By Tally Meyers
Copy Editor
In a college town with only a few large corporate stores and a slew of over- priced boutiques, expressing individuality at a low price is almost unheard of.
For San Luis Obispo, the Central Coast attracts students from all over the country, all with varying lifestyles and tastes. But living in a town with few shopping options and high prices does not have to cramp your style.
Social media do-it-yourself forums, such as Pinterest, encourage sharing ideas and finding inspiration to create something out of the ordinary, whether it be food or fashion. Users can discover how to make store-quality goods for a low cost.
“I don’t necessarily use the sites to find things in order to save money. It’s more like, I see something that plants an idea in my head and then I snowball off of that,” said Cuesta art major Sienna Berrner, and a self-proclaimed do-it-yourself advocate. Berrner has been inspired to make geometric string art that covers her kitchen walls and front porch. She has also homemade bleach-pen leggings for six of her closest friends costing roughly $30 total and a pair of high-waisted shorts she bought at Goodwill for under $10.

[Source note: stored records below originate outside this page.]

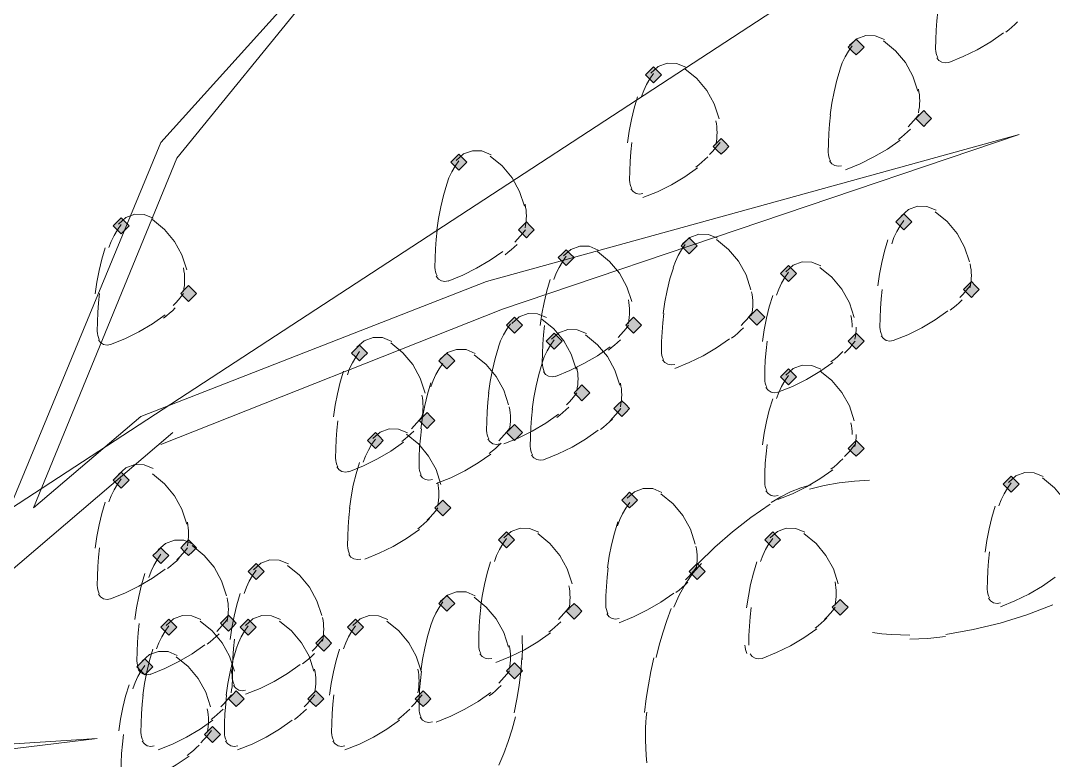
# Model space of a CAD drawing. Header units: millimetres. Extents: x 0 to 420, y 0 to 297.
# Drawn here: x 103.54 to 109.04, y 82.94 to 86.88 of the extents above; entities that cross this region are included whole.
import ezdxf

# ---------------------------------------------------------------- set-up
doc = ezdxf.new("R2010")
doc.units = ezdxf.units.MM

msp = doc.modelspace()

# ---------------------------------------------------------------- hatches: boundary and pattern name
for points in [[(107.9923, 86.7833), (107.9712, 86.7622), (107.95, 86.741), (107.9712, 86.7198), (107.9923, 86.6987), (108.0135, 86.7198), (108.0347, 86.741), (108.0135, 86.7622), (107.9923, 86.7833)], [(106.9128, 86.6352), (106.8917, 86.614), (106.8705, 86.5928), (106.8917, 86.5717), (106.9128, 86.5505), (106.934, 86.5717), (106.9552, 86.5928), (106.934, 86.614), (106.9128, 86.6352)], [(108.3522, 86.4023), (108.331, 86.3812), (108.3098, 86.36), (108.331, 86.3388), (108.3522, 86.3177), (108.3733, 86.3388), (108.3945, 86.36), (108.3733, 86.3812), (108.3522, 86.4023)], [(107.2727, 86.2542), (107.2515, 86.233), (107.2303, 86.2118), (107.2515, 86.1907), (107.2727, 86.1695), (107.2938, 86.1907), (107.315, 86.2118), (107.2938, 86.233), (107.2727, 86.2542)], [(105.8757, 86.1695), (105.8545, 86.1483), (105.8333, 86.1272), (105.8545, 86.106), (105.8757, 86.0848), (105.8968, 86.106), (105.918, 86.1272), (105.8968, 86.1483), (105.8757, 86.1695)], [(104.0765, 85.8308), (104.0553, 85.8097), (104.0342, 85.7885), (104.0553, 85.7673), (104.0765, 85.7462), (104.0977, 85.7673), (104.1188, 85.7885), (104.0977, 85.8097), (104.0765, 85.8308)], [(108.2463, 85.852), (108.2252, 85.8308), (108.204, 85.8097), (108.2252, 85.7885), (108.2463, 85.7673), (108.2675, 85.7885), (108.2887, 85.8097), (108.2675, 85.8308), (108.2463, 85.852)], [(106.2355, 85.8097), (106.2143, 85.7885), (106.1932, 85.7673), (106.2143, 85.7462), (106.2355, 85.725), (106.2567, 85.7462), (106.2778, 85.7673), (106.2567, 85.7885), (106.2355, 85.8097)], [(107.1033, 85.725), (107.0822, 85.7038), (107.061, 85.6827), (107.0822, 85.6615), (107.1033, 85.6403), (107.1245, 85.6615), (107.1457, 85.6827), (107.1245, 85.7038), (107.1033, 85.725)], [(106.4472, 85.6615), (106.426, 85.6403), (106.4048, 85.6192), (106.426, 85.598), (106.4472, 85.5768), (106.4684, 85.598), (106.4895, 85.6192), (106.4684, 85.6403), (106.4472, 85.6615)], [(107.6325, 85.5768), (107.6113, 85.5557), (107.5902, 85.5345), (107.6113, 85.5133), (107.6325, 85.4922), (107.6537, 85.5133), (107.6748, 85.5345), (107.6537, 85.5557), (107.6325, 85.5768)], [(104.4363, 85.471), (104.4152, 85.4498), (104.394, 85.4287), (104.4152, 85.4075), (104.4363, 85.3863), (104.4575, 85.4075), (104.4787, 85.4287), (104.4575, 85.4498), (104.4363, 85.471)], [(108.6062, 85.4922), (108.585, 85.471), (108.5638, 85.4498), (108.585, 85.4287), (108.6062, 85.4075), (108.6273, 85.4287), (108.6485, 85.4498), (108.6273, 85.471), (108.6062, 85.4922)], [(107.4632, 85.344), (107.442, 85.3228), (107.4208, 85.3017), (107.442, 85.2805), (107.4632, 85.2593), (107.4843, 85.2805), (107.5055, 85.3017), (107.4843, 85.3228), (107.4632, 85.344)], [(106.172, 85.3017), (106.1508, 85.2805), (106.1297, 85.2593), (106.1508, 85.2382), (106.172, 85.217), (106.1932, 85.2382), (106.2143, 85.2593), (106.1932, 85.2805), (106.172, 85.3017)], [(106.807, 85.3017), (106.7858, 85.2805), (106.7647, 85.2593), (106.7858, 85.2382), (106.807, 85.217), (106.8282, 85.2382), (106.8493, 85.2593), (106.8282, 85.2805), (106.807, 85.3017)], [(106.3837, 85.217), (106.3625, 85.1958), (106.3413, 85.1747), (106.3625, 85.1535), (106.3837, 85.1323), (106.4048, 85.1535), (106.426, 85.1747), (106.4048, 85.1958), (106.3837, 85.217)], [(107.9923, 85.217), (107.9712, 85.1958), (107.95, 85.1747), (107.9712, 85.1535), (107.9923, 85.1323), (108.0135, 85.1535), (108.0347, 85.1747), (108.0135, 85.1958), (107.9923, 85.217)], [(105.3465, 85.1535), (105.3253, 85.1323), (105.3042, 85.1112), (105.3253, 85.09), (105.3465, 85.0688), (105.3677, 85.09), (105.3888, 85.1112), (105.3677, 85.1323), (105.3465, 85.1535)], [(105.8122, 85.1112), (105.791, 85.09), (105.7698, 85.0688), (105.791, 85.0477), (105.8122, 85.0265), (105.8333, 85.0477), (105.8545, 85.0688), (105.8333, 85.09), (105.8122, 85.1112)], [(107.6325, 85.0265), (107.6113, 85.0053), (107.5902, 84.9842), (107.6113, 84.963), (107.6325, 84.9418), (107.6537, 84.963), (107.6748, 84.9842), (107.6537, 85.0053), (107.6325, 85.0265)], [(106.5318, 84.9418), (106.5107, 84.9207), (106.4895, 84.8995), (106.5107, 84.8783), (106.5318, 84.8572), (106.553, 84.8783), (106.5742, 84.8995), (106.553, 84.9207), (106.5318, 84.9418)], [(106.7435, 84.8572), (106.7223, 84.836), (106.7012, 84.8148), (106.7223, 84.7937), (106.7435, 84.7725), (106.7647, 84.7937), (106.7858, 84.8148), (106.7647, 84.836), (106.7435, 84.8572)], [(105.7063, 84.7937), (105.6852, 84.7725), (105.664, 84.7513), (105.6852, 84.7302), (105.7063, 84.709), (105.7275, 84.7302), (105.7487, 84.7513), (105.7275, 84.7725), (105.7063, 84.7937)], [(106.172, 84.7302), (106.1508, 84.709), (106.1297, 84.6878), (106.1508, 84.6667), (106.172, 84.6455), (106.1932, 84.6667), (106.2143, 84.6878), (106.1932, 84.709), (106.172, 84.7302)], [(105.4312, 84.6878), (105.41, 84.6667), (105.3888, 84.6455), (105.41, 84.6243), (105.4312, 84.6032), (105.4523, 84.6243), (105.4735, 84.6455), (105.4523, 84.6667), (105.4312, 84.6878)], [(107.9923, 84.6455), (107.9712, 84.6243), (107.95, 84.6032), (107.9712, 84.582), (107.9923, 84.5608), (108.0135, 84.582), (108.0347, 84.6032), (108.0135, 84.6243), (107.9923, 84.6455)], [(104.0765, 84.4762), (104.0553, 84.455), (104.0342, 84.4338), (104.0553, 84.4127), (104.0765, 84.3915), (104.0977, 84.4127), (104.1188, 84.4338), (104.0977, 84.455), (104.0765, 84.4762)], [(108.8178, 84.455), (108.7967, 84.4338), (108.7755, 84.4127), (108.7967, 84.3915), (108.8178, 84.3703), (108.839, 84.3915), (108.8602, 84.4127), (108.839, 84.4338), (108.8178, 84.455)], [(106.7858, 84.3703), (106.7647, 84.3492), (106.7435, 84.328), (106.7647, 84.3068), (106.7858, 84.2857), (106.807, 84.3068), (106.8282, 84.328), (106.807, 84.3492), (106.7858, 84.3703)], [(105.791, 84.328), (105.7698, 84.3068), (105.7487, 84.2857), (105.7698, 84.2645), (105.791, 84.2433), (105.8122, 84.2645), (105.8333, 84.2857), (105.8122, 84.3068), (105.791, 84.328)], [(106.1297, 84.1587), (106.1085, 84.1375), (106.0873, 84.1163), (106.1085, 84.0952), (106.1297, 84.074), (106.1508, 84.0952), (106.172, 84.1163), (106.1508, 84.1375), (106.1297, 84.1587)], [(107.5478, 84.1587), (107.5267, 84.1375), (107.5055, 84.1163), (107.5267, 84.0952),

“I think paying $50 for ‘vintage’ shorts is absurd,” Berrner said. “But most of the other things I craft are more for the purpose of having beautiful, intriguing, unique things that surround me and my friends.”
The outlets for creativity and encouragement to be crafty are heavily directed at the female market. For males who do not classify themselves as “crafty,” coming up with ways to save money and stand out can be more of a stretch, but not impossible. Adam Wiesner, a third semester molecular biology major, and Teddy Masters, majoring in psychology, have similar ways to reuse what they already have to save a buck.
“I can cut my own bitchin’ running tank tops,” said Wiesner, who finished the SLO Marathon in just four hours in early April. He cuts his running tops from old work shirts or tattered favorites that have begun to wear down. Masters also shreds his own threads, cutting his old jeans into cut-off shorts during the summertime, and finds being resourceful an easy task.
“I pimped my bike into a grocery mobile. It was super sick,” Masters said about his homemade bike basket, recycled from an old fruit crate tied to his handlebars. He also made his Halloween costume, inspired by his favorite artist SBTRKT (pronounced sub-tract), with cardboard, construction paper and twine he purchased at Berverly’s for about $10.
Feeling confident and being original does not have to be dictated by whether there is a three-story mall within a five-mile radius. Berrner highly encourages taking rare thrift shop finds and re-purposing them to make something one-of- a-kind with the luxury of knowing where they came from.
“When you discover that you can make something completely awesome and original out of something that wasn’t much of any- thing before, you get such a feeling of accomplishment and pride,” Berrner said. “You have something that is 100 percent you, something that wasn’t made by someone in China or Indonesia.”